What needs to be done: Among the entries below, one stretch runs from the line that contains "#122=LINE('',#121,#120);" through the line that contains "#128=VECTOR('',#127,1.);". Repeat that stretch exactly, ends included, and only that.

Study material:

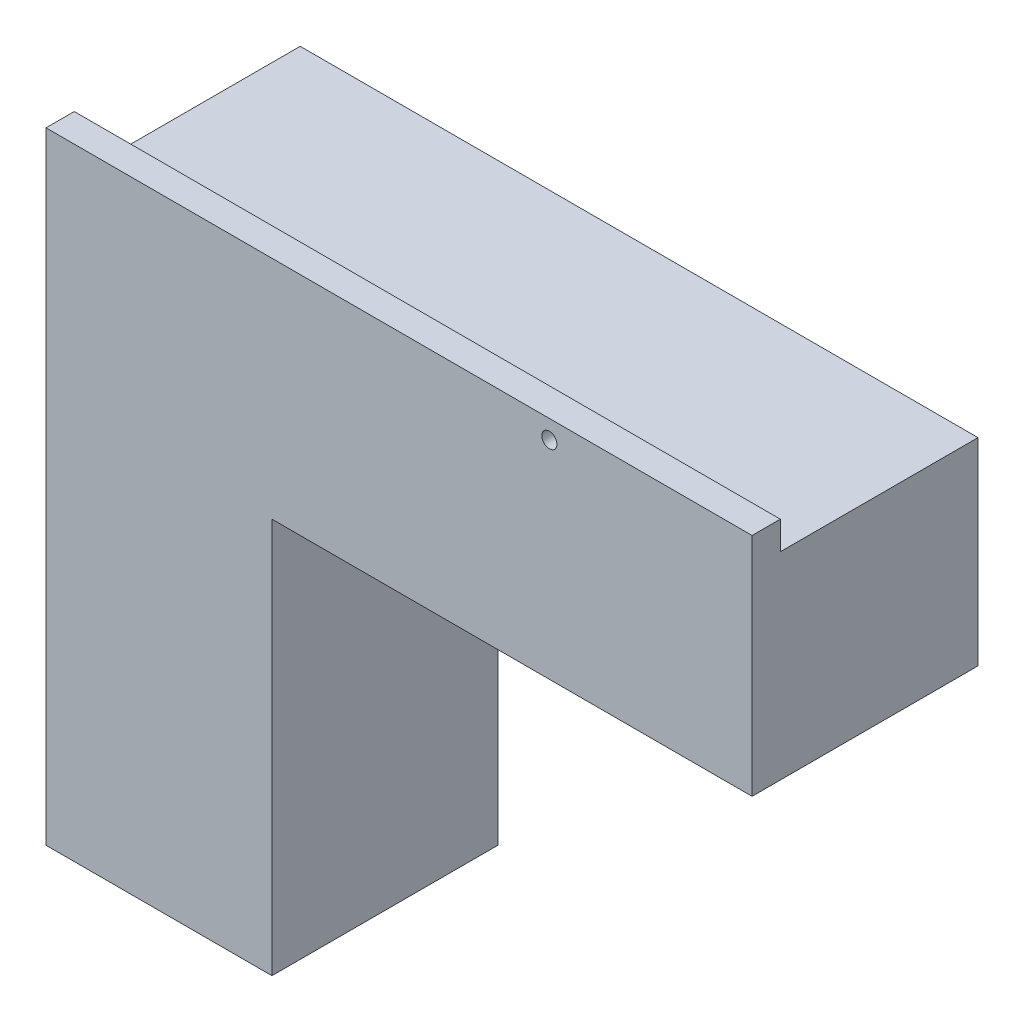
ISO-10303-21;
HEADER;
FILE_DESCRIPTION(('STEP AP214'),'2;1');
FILE_NAME('part.step','',(''),(''),'','','');
FILE_SCHEMA(('AUTOMOTIVE_DESIGN { 1 0 10303 214 1 1 1 1 }'));
ENDSEC;
DATA;
#1=APPLICATION_CONTEXT('core data for automotive mechanical design processes');
#2=APPLICATION_PROTOCOL_DEFINITION('international standard','automotive_design',2000,#1);
#3=PRODUCT_CONTEXT('',#1,'mechanical');
#4=PRODUCT('Part','Part','',(#3));
#5=PRODUCT_RELATED_PRODUCT_CATEGORY('part','',(#4));
#6=PRODUCT_DEFINITION_FORMATION('','',#4);
#7=PRODUCT_DEFINITION_CONTEXT('part definition',#1,'design');
#8=PRODUCT_DEFINITION('design','',#6,#7);
#9=PRODUCT_DEFINITION_SHAPE('','',#8);
#10=(LENGTH_UNIT() NAMED_UNIT(*) SI_UNIT(.MILLI.,.METRE.));
#11=(NAMED_UNIT(*) PLANE_ANGLE_UNIT() SI_UNIT($,.RADIAN.));
#12=(NAMED_UNIT(*) SI_UNIT($,.STERADIAN.) SOLID_ANGLE_UNIT());
#13=UNCERTAINTY_MEASURE_WITH_UNIT(LENGTH_MEASURE(1.E-05),#10,'distance_accuracy_value','');
#14=(GEOMETRIC_REPRESENTATION_CONTEXT(3) GLOBAL_UNCERTAINTY_ASSIGNED_CONTEXT((#13)) GLOBAL_UNIT_ASSIGNED_CONTEXT((#10,
#11,#12)) REPRESENTATION_CONTEXT('',''));
#15=CARTESIAN_POINT('',(0.,0.,0.));
#16=DIRECTION('',(0.,0.,1.));
#17=DIRECTION('',(1.,0.,0.));
#18=AXIS2_PLACEMENT_3D('',#15,#16,#17);
#19=CARTESIAN_POINT('',(80.,0.,80.));
#20=DIRECTION('',(0.,1.,0.));
#21=DIRECTION('',(-1.,0.,0.));
#22=AXIS2_PLACEMENT_3D('',#19,#20,#21);
#23=PLANE('',#22);
#24=DIRECTION('',(0.,0.,-1.));
#25=VECTOR('',#24,1.);
#26=CARTESIAN_POINT('',(0.,0.,80.));
#27=LINE('',#26,#25);
#28=CARTESIAN_POINT('',(0.,0.,80.));
#29=VERTEX_POINT('',#28);
#30=CARTESIAN_POINT('',(0.,0.,70.));
#31=VERTEX_POINT('',#30);
#32=EDGE_CURVE('E118',#29,#31,#27,.T.);
#33=ORIENTED_EDGE('',*,*,#32,.T.);
#34=DIRECTION('',(-1.,0.,0.));
#35=VECTOR('',#34,1.);
#36=CARTESIAN_POINT('',(0.,0.,70.));
#37=LINE('',#36,#35);
#38=CARTESIAN_POINT('',(10.,0.,70.));
#39=VERTEX_POINT('',#38);
#40=EDGE_CURVE('E158',#39,#31,#37,.T.);
#41=ORIENTED_EDGE('',*,*,#40,.F.);
#42=DIRECTION('',(0.,0.,1.));
#43=VECTOR('',#42,1.);
#44=CARTESIAN_POINT('',(10.,0.,0.));
#45=LINE('',#44,#43);
#46=CARTESIAN_POINT('',(10.,0.,0.));
#47=VERTEX_POINT('',#46);
#48=EDGE_CURVE('E147',#47,#39,#45,.T.);
#49=ORIENTED_EDGE('',*,*,#48,.F.);
#50=DIRECTION('',(1.,0.,0.));
#51=VECTOR('',#50,1.);
#52=CARTESIAN_POINT('',(80.,0.,0.));
#53=LINE('',#52,#51);
#54=CARTESIAN_POINT('',(80.,0.,0.));
#55=VERTEX_POINT('',#54);
#56=EDGE_CURVE('E122',#47,#55,#53,.T.);
#57=ORIENTED_EDGE('',*,*,#56,.T.);
#58=DIRECTION('',(0.,0.,-1.));
#59=VECTOR('',#58,1.);
#60=CARTESIAN_POINT('',(80.,0.,80.));
#61=LINE('',#60,#59);
#62=CARTESIAN_POINT('',(80.,0.,80.));
#63=VERTEX_POINT('',#62);
#64=EDGE_CURVE('E137',#63,#55,#61,.T.);
#65=ORIENTED_EDGE('',*,*,#64,.F.);
#66=DIRECTION('',(1.,0.,0.));
#67=VECTOR('',#66,1.);
#68=CARTESIAN_POINT('',(80.,0.,80.));
#69=LINE('',#68,#67);
#70=EDGE_CURVE('E130',#29,#63,#69,.T.);
#71=ORIENTED_EDGE('',*,*,#70,.F.);
#72=EDGE_LOOP('',(#33,#41,#49,#57,#65,#71));
#73=FACE_BOUND('',#72,.T.);
#74=ADVANCED_FACE('F32',(#73),#23,.F.);
#75=CARTESIAN_POINT('',(80.,140.,80.));
#76=DIRECTION('',(-1.,0.,0.));
#77=DIRECTION('',(0.,0.,1.));
#78=AXIS2_PLACEMENT_3D('',#75,#76,#77);
#79=PLANE('',#78);
#80=DIRECTION('',(0.,1.,0.));
#81=VECTOR('',#80,1.);
#82=CARTESIAN_POINT('',(80.,140.,0.));
#83=LINE('',#82,#81);
#84=CARTESIAN_POINT('',(80.,140.,0.));
#85=VERTEX_POINT('',#84);
#86=EDGE_CURVE('E124',#55,#85,#83,.T.);
#87=ORIENTED_EDGE('',*,*,#86,.T.);
#88=DIRECTION('',(0.,0.,-1.));
#89=VECTOR('',#88,1.);
#90=CARTESIAN_POINT('',(80.,140.,80.));
#91=LINE('',#90,#89);
#92=CARTESIAN_POINT('',(80.,140.,80.));
#93=VERTEX_POINT('',#92);
#94=EDGE_CURVE('E135',#93,#85,#91,.T.);
#95=ORIENTED_EDGE('',*,*,#94,.F.);
#96=DIRECTION('',(0.,1.,0.));
#97=VECTOR('',#96,1.);
#98=CARTESIAN_POINT('',(80.,140.,80.));
#99=LINE('',#98,#97);
#100=EDGE_CURVE('E83',#63,#93,#99,.T.);
#101=ORIENTED_EDGE('',*,*,#100,.F.);
#102=ORIENTED_EDGE('',*,*,#64,.T.);
#103=EDGE_LOOP('',(#87,#95,#101,#102));
#104=FACE_BOUND('',#103,.T.);
#105=ADVANCED_FACE('F163',(#104),#79,.F.);
#106=CARTESIAN_POINT('',(250.,140.,80.));
#107=DIRECTION('',(0.,1.,0.));
#108=DIRECTION('',(0.,0.,1.));
#109=AXIS2_PLACEMENT_3D('',#106,#107,#108);
#110=PLANE('',#109);
#111=DIRECTION('',(1.,0.,0.));
#112=VECTOR('',#111,1.);
#113=CARTESIAN_POINT('',(250.,140.,0.));
#114=LINE('',#113,#112);
#115=CARTESIAN_POINT('',(250.,140.,0.));
#116=VERTEX_POINT('',#115);
#117=EDGE_CURVE('E74',#85,#116,#114,.T.);
#118=ORIENTED_EDGE('',*,*,#117,.T.);
#119=DIRECTION('',(0.,0.,-1.));
#120=VECTOR('',#119,1.);
#121=CARTESIAN_POINT('',(250.,140.,80.));
#122=LINE('',#121,#120);
#123=CARTESIAN_POINT('',(250.,140.,80.));
#124=VERTEX_POINT('',#123);
#125=EDGE_CURVE('E112',#124,#116,#122,.T.);
#126=ORIENTED_EDGE('',*,*,#125,.F.);
#127=DIRECTION('',(1.,0.,0.));
#128=VECTOR('',#127,1.);
#129=CARTESIAN_POINT('',(250.,140.,80.));
#130=LINE('',#129,#128);
#131=EDGE_CURVE('E99',#93,#124,#130,.T.);
#132=ORIENTED_EDGE('',*,*,#131,.F.);
#133=ORIENTED_EDGE('',*,*,#94,.T.);
#134=EDGE_LOOP('',(#118,#126,#132,#133));
#135=FACE_BOUND('',#134,.T.);
#136=ADVANCED_FACE('F215',(#135),#110,.F.);
#137=CARTESIAN_POINT('',(250.,220.,80.));
#138=DIRECTION('',(-1.,0.,0.));
#139=DIRECTION('',(0.,0.,1.));
#140=AXIS2_PLACEMENT_3D('',#137,#138,#139);
#141=PLANE('',#140);
#142=DIRECTION('',(0.,1.,0.));
#143=VECTOR('',#142,1.);
#144=CARTESIAN_POINT('',(250.,220.,0.));
#145=LINE('',#144,#143);
#146=CARTESIAN_POINT('',(250.,210.,0.));
#147=VERTEX_POINT('',#146);
#148=EDGE_CURVE('E128',#116,#147,#145,.T.);
#149=ORIENTED_EDGE('',*,*,#148,.T.);
#150=DIRECTION('',(0.,0.,-1.));
#151=VECTOR('',#150,1.);
#152=CARTESIAN_POINT('',(250.,210.,0.));
#153=LINE('',#152,#151);
#154=CARTESIAN_POINT('',(250.,210.,70.));
#155=VERTEX_POINT('',#154);
#156=EDGE_CURVE('E177',#155,#147,#153,.T.);
#157=ORIENTED_EDGE('',*,*,#156,.F.);
#158=DIRECTION('',(0.,-1.,0.));
#159=VECTOR('',#158,1.);
#160=CARTESIAN_POINT('',(250.,220.,70.));
#161=LINE('',#160,#159);
#162=CARTESIAN_POINT('',(250.,220.,70.));
#163=VERTEX_POINT('',#162);
#164=EDGE_CURVE('E109',#163,#155,#161,.T.);
#165=ORIENTED_EDGE('',*,*,#164,.F.);
#166=DIRECTION('',(0.,0.,-1.));
#167=VECTOR('',#166,1.);
#168=CARTESIAN_POINT('',(250.,220.,80.));
#169=LINE('',#168,#167);
#170=CARTESIAN_POINT('',(250.,220.,80.));
#171=VERTEX_POINT('',#170);
#172=EDGE_CURVE('E104',#171,#163,#169,.T.);
#173=ORIENTED_EDGE('',*,*,#172,.F.);
#174=DIRECTION('',(0.,1.,0.));
#175=VECTOR('',#174,1.);
#176=CARTESIAN_POINT('',(250.,220.,80.));
#177=LINE('',#176,#175);
#178=EDGE_CURVE('E92',#124,#171,#177,.T.);
#179=ORIENTED_EDGE('',*,*,#178,.F.);
#180=ORIENTED_EDGE('',*,*,#125,.T.);
#181=EDGE_LOOP('',(#149,#157,#165,#173,#179,#180));
#182=FACE_BOUND('',#181,.T.);
#183=ADVANCED_FACE('F106',(#182),#141,.F.);
#184=CARTESIAN_POINT('',(0.,220.,80.));
#185=DIRECTION('',(0.,-1.,0.));
#186=DIRECTION('',(0.,0.,-1.));
#187=AXIS2_PLACEMENT_3D('',#184,#185,#186);
#188=PLANE('',#187);
#189=ORIENTED_EDGE('',*,*,#172,.T.);
#190=DIRECTION('',(-1.,0.,0.));
#191=VECTOR('',#190,1.);
#192=CARTESIAN_POINT('',(0.,220.,70.));
#193=LINE('',#192,#191);
#194=CARTESIAN_POINT('',(0.,220.,70.));
#195=VERTEX_POINT('',#194);
#196=EDGE_CURVE('E125',#163,#195,#193,.T.);
#197=ORIENTED_EDGE('',*,*,#196,.T.);
#198=DIRECTION('',(0.,0.,-1.));
#199=VECTOR('',#198,1.);
#200=CARTESIAN_POINT('',(0.,220.,80.));
#201=LINE('',#200,#199);
#202=CARTESIAN_POINT('',(0.,220.,80.));
#203=VERTEX_POINT('',#202);
#204=EDGE_CURVE('E113',#203,#195,#201,.T.);
#205=ORIENTED_EDGE('',*,*,#204,.F.);
#206=DIRECTION('',(-1.,0.,0.));
#207=VECTOR('',#206,1.);
#208=CARTESIAN_POINT('',(0.,220.,80.));
#209=LINE('',#208,#207);
#210=EDGE_CURVE('E96',#171,#203,#209,.T.);
#211=ORIENTED_EDGE('',*,*,#210,.F.);
#212=EDGE_LOOP('',(#189,#197,#205,#211));
#213=FACE_BOUND('',#212,.T.);
#214=ADVANCED_FACE('F115',(#213),#188,.F.);
#215=CARTESIAN_POINT('',(0.,0.,80.));
#216=DIRECTION('',(1.,0.,0.));
#217=DIRECTION('',(0.,0.,-1.));
#218=AXIS2_PLACEMENT_3D('',#215,#216,#217);
#219=PLANE('',#218);
#220=ORIENTED_EDGE('',*,*,#204,.T.);
#221=DIRECTION('',(0.,-1.,0.));
#222=VECTOR('',#221,1.);
#223=CARTESIAN_POINT('',(0.,250.,70.));
#224=LINE('',#223,#222);
#225=EDGE_CURVE('E170',#195,#31,#224,.T.);
#226=ORIENTED_EDGE('',*,*,#225,.T.);
#227=ORIENTED_EDGE('',*,*,#32,.F.);
#228=DIRECTION('',(0.,-1.,0.));
#229=VECTOR('',#228,1.);
#230=CARTESIAN_POINT('',(0.,0.,80.));
#231=LINE('',#230,#229);
#232=EDGE_CURVE('E55',#203,#29,#231,.T.);
#233=ORIENTED_EDGE('',*,*,#232,.F.);
#234=EDGE_LOOP('',(#220,#226,#227,#233));
#235=FACE_BOUND('',#234,.T.);
#236=ADVANCED_FACE('F199',(#235),#219,.F.);
#237=CARTESIAN_POINT('',(0.,0.,80.));
#238=DIRECTION('',(0.,0.,-1.));
#239=DIRECTION('',(-1.,0.,0.));
#240=AXIS2_PLACEMENT_3D('',#237,#238,#239);
#241=PLANE('',#240);
#242=CARTESIAN_POINT('',(178.22144368011,213.383591149803,80.));
#243=DIRECTION('',(0.,0.,1.));
#244=DIRECTION('',(1.,0.,0.));
#245=AXIS2_PLACEMENT_3D('',#242,#243,#244);
#246=CIRCLE('',#245,2.69271099101483);
#247=CARTESIAN_POINT('',(180.914154671124,213.383591149803,80.));
#248=VERTEX_POINT('',#247);
#249=EDGE_CURVE('E183',#248,#248,#246,.T.);
#250=ORIENTED_EDGE('',*,*,#249,.F.);
#251=EDGE_LOOP('',(#250));
#252=FACE_BOUND('',#251,.T.);
#253=ORIENTED_EDGE('',*,*,#70,.T.);
#254=ORIENTED_EDGE('',*,*,#100,.T.);
#255=ORIENTED_EDGE('',*,*,#131,.T.);
#256=ORIENTED_EDGE('',*,*,#178,.T.);
#257=ORIENTED_EDGE('',*,*,#210,.T.);
#258=ORIENTED_EDGE('',*,*,#232,.T.);
#259=EDGE_LOOP('',(#253,#254,#255,#256,#257,#258));
#260=FACE_BOUND('',#259,.T.);
#261=ADVANCED_FACE('F94',(#252,#260),#241,.F.);
#262=CARTESIAN_POINT('',(0.,0.,0.));
#263=DIRECTION('',(0.,0.,-1.));
#264=DIRECTION('',(-1.,0.,0.));
#265=AXIS2_PLACEMENT_3D('',#262,#263,#264);
#266=PLANE('',#265);
#267=DIRECTION('',(1.,0.,0.));
#268=VECTOR('',#267,1.);
#269=CARTESIAN_POINT('',(0.,210.,0.));
#270=LINE('',#269,#268);
#271=CARTESIAN_POINT('',(9.99999999999998,210.,0.));
#272=VERTEX_POINT('',#271);
#273=EDGE_CURVE('E159',#272,#147,#270,.T.);
#274=ORIENTED_EDGE('',*,*,#273,.T.);
#275=ORIENTED_EDGE('',*,*,#148,.F.);
#276=ORIENTED_EDGE('',*,*,#117,.F.);
#277=ORIENTED_EDGE('',*,*,#86,.F.);
#278=ORIENTED_EDGE('',*,*,#56,.F.);
#279=DIRECTION('',(0.,-1.,0.));
#280=VECTOR('',#279,1.);
#281=CARTESIAN_POINT('',(10.,0.,0.));
#282=LINE('',#281,#280);
#283=EDGE_CURVE('E39',#272,#47,#282,.T.);
#284=ORIENTED_EDGE('',*,*,#283,.F.);
#285=EDGE_LOOP('',(#274,#275,#276,#277,#278,#284));
#286=FACE_BOUND('',#285,.T.);
#287=ADVANCED_FACE('F161',(#286),#266,.T.);
#288=CARTESIAN_POINT('',(0.,250.,70.));
#289=DIRECTION('',(0.,0.,1.));
#290=DIRECTION('',(1.,0.,0.));
#291=AXIS2_PLACEMENT_3D('',#288,#289,#290);
#292=PLANE('',#291);
#293=CARTESIAN_POINT('',(178.22144368011,213.383591149803,70.));
#294=DIRECTION('',(0.,0.,1.));
#295=DIRECTION('',(1.,0.,0.));
#296=AXIS2_PLACEMENT_3D('',#293,#294,#295);
#297=CIRCLE('',#296,2.69271099101483);
#298=CARTESIAN_POINT('',(180.914154671124,213.383591149803,70.));
#299=VERTEX_POINT('',#298);
#300=EDGE_CURVE('E182',#299,#299,#297,.T.);
#301=ORIENTED_EDGE('',*,*,#300,.T.);
#302=EDGE_LOOP('',(#301));
#303=FACE_BOUND('',#302,.T.);
#304=ORIENTED_EDGE('',*,*,#40,.T.);
#305=ORIENTED_EDGE('',*,*,#225,.F.);
#306=ORIENTED_EDGE('',*,*,#196,.F.);
#307=ORIENTED_EDGE('',*,*,#164,.T.);
#308=DIRECTION('',(1.,0.,0.));
#309=VECTOR('',#308,1.);
#310=CARTESIAN_POINT('',(0.,210.,70.));
#311=LINE('',#310,#309);
#312=CARTESIAN_POINT('',(9.99999999999998,210.,70.));
#313=VERTEX_POINT('',#312);
#314=EDGE_CURVE('E46',#313,#155,#311,.T.);
#315=ORIENTED_EDGE('',*,*,#314,.F.);
#316=DIRECTION('',(0.,-1.,0.));
#317=VECTOR('',#316,1.);
#318=CARTESIAN_POINT('',(9.99999999999998,250.,70.));
#319=LINE('',#318,#317);
#320=EDGE_CURVE('E171',#313,#39,#319,.T.);
#321=ORIENTED_EDGE('',*,*,#320,.T.);
#322=EDGE_LOOP('',(#304,#305,#306,#307,#315,#321));
#323=FACE_BOUND('',#322,.T.);
#324=ADVANCED_FACE('F189',(#303,#323),#292,.F.);
#325=CARTESIAN_POINT('',(9.99999999999998,250.,0.));
#326=DIRECTION('',(1.,0.,0.));
#327=DIRECTION('',(0.,1.,0.));
#328=AXIS2_PLACEMENT_3D('',#325,#326,#327);
#329=PLANE('',#328);
#330=ORIENTED_EDGE('',*,*,#320,.F.);
#331=DIRECTION('',(0.,0.,-1.));
#332=VECTOR('',#331,1.);
#333=CARTESIAN_POINT('',(9.99999999999998,210.,0.));
#334=LINE('',#333,#332);
#335=EDGE_CURVE('E11',#313,#272,#334,.T.);
#336=ORIENTED_EDGE('',*,*,#335,.T.);
#337=ORIENTED_EDGE('',*,*,#283,.T.);
#338=ORIENTED_EDGE('',*,*,#48,.T.);
#339=EDGE_LOOP('',(#330,#336,#337,#338));
#340=FACE_BOUND('',#339,.T.);
#341=ADVANCED_FACE('F145',(#340),#329,.F.);
#342=CARTESIAN_POINT('',(0.,210.,0.));
#343=DIRECTION('',(0.,-1.,0.));
#344=DIRECTION('',(0.,0.,-1.));
#345=AXIS2_PLACEMENT_3D('',#342,#343,#344);
#346=PLANE('',#345);
#347=ORIENTED_EDGE('',*,*,#314,.T.);
#348=ORIENTED_EDGE('',*,*,#156,.T.);
#349=ORIENTED_EDGE('',*,*,#273,.F.);
#350=ORIENTED_EDGE('',*,*,#335,.F.);
#351=EDGE_LOOP('',(#347,#348,#349,#350));
#352=FACE_BOUND('',#351,.T.);
#353=ADVANCED_FACE('F194',(#352),#346,.F.);
#354=CARTESIAN_POINT('',(178.22144368011,213.383591149803,70.));
#355=DIRECTION('',(0.,0.,1.));
#356=DIRECTION('',(1.,0.,0.));
#357=AXIS2_PLACEMENT_3D('',#354,#355,#356);
#358=CYLINDRICAL_SURFACE('',#357,2.69271099101483);
#359=ORIENTED_EDGE('',*,*,#300,.F.);
#360=EDGE_LOOP('',(#359));
#361=FACE_BOUND('',#360,.T.);
#362=ORIENTED_EDGE('',*,*,#249,.T.);
#363=EDGE_LOOP('',(#362));
#364=FACE_BOUND('',#363,.T.);
#365=ADVANCED_FACE('F191',(#361,#364),#358,.F.);
#366=CLOSED_SHELL('',(#74,#105,#136,#183,#214,#236,#261,#287,#324,#341,#353,#365));
#367=MANIFOLD_SOLID_BREP('B2',#366);
#368=ADVANCED_BREP_SHAPE_REPRESENTATION('',(#18,#367),#14);
#369=SHAPE_DEFINITION_REPRESENTATION(#9,#368);
ENDSEC;
END-ISO-10303-21;

Exercise answer:
#122=LINE('',#121,#120);
#123=CARTESIAN_POINT('',(250.,140.,80.));
#124=VERTEX_POINT('',#123);
#125=EDGE_CURVE('E112',#124,#116,#122,.T.);
#126=ORIENTED_EDGE('',*,*,#125,.F.);
#127=DIRECTION('',(1.,0.,0.));
#128=VECTOR('',#127,1.);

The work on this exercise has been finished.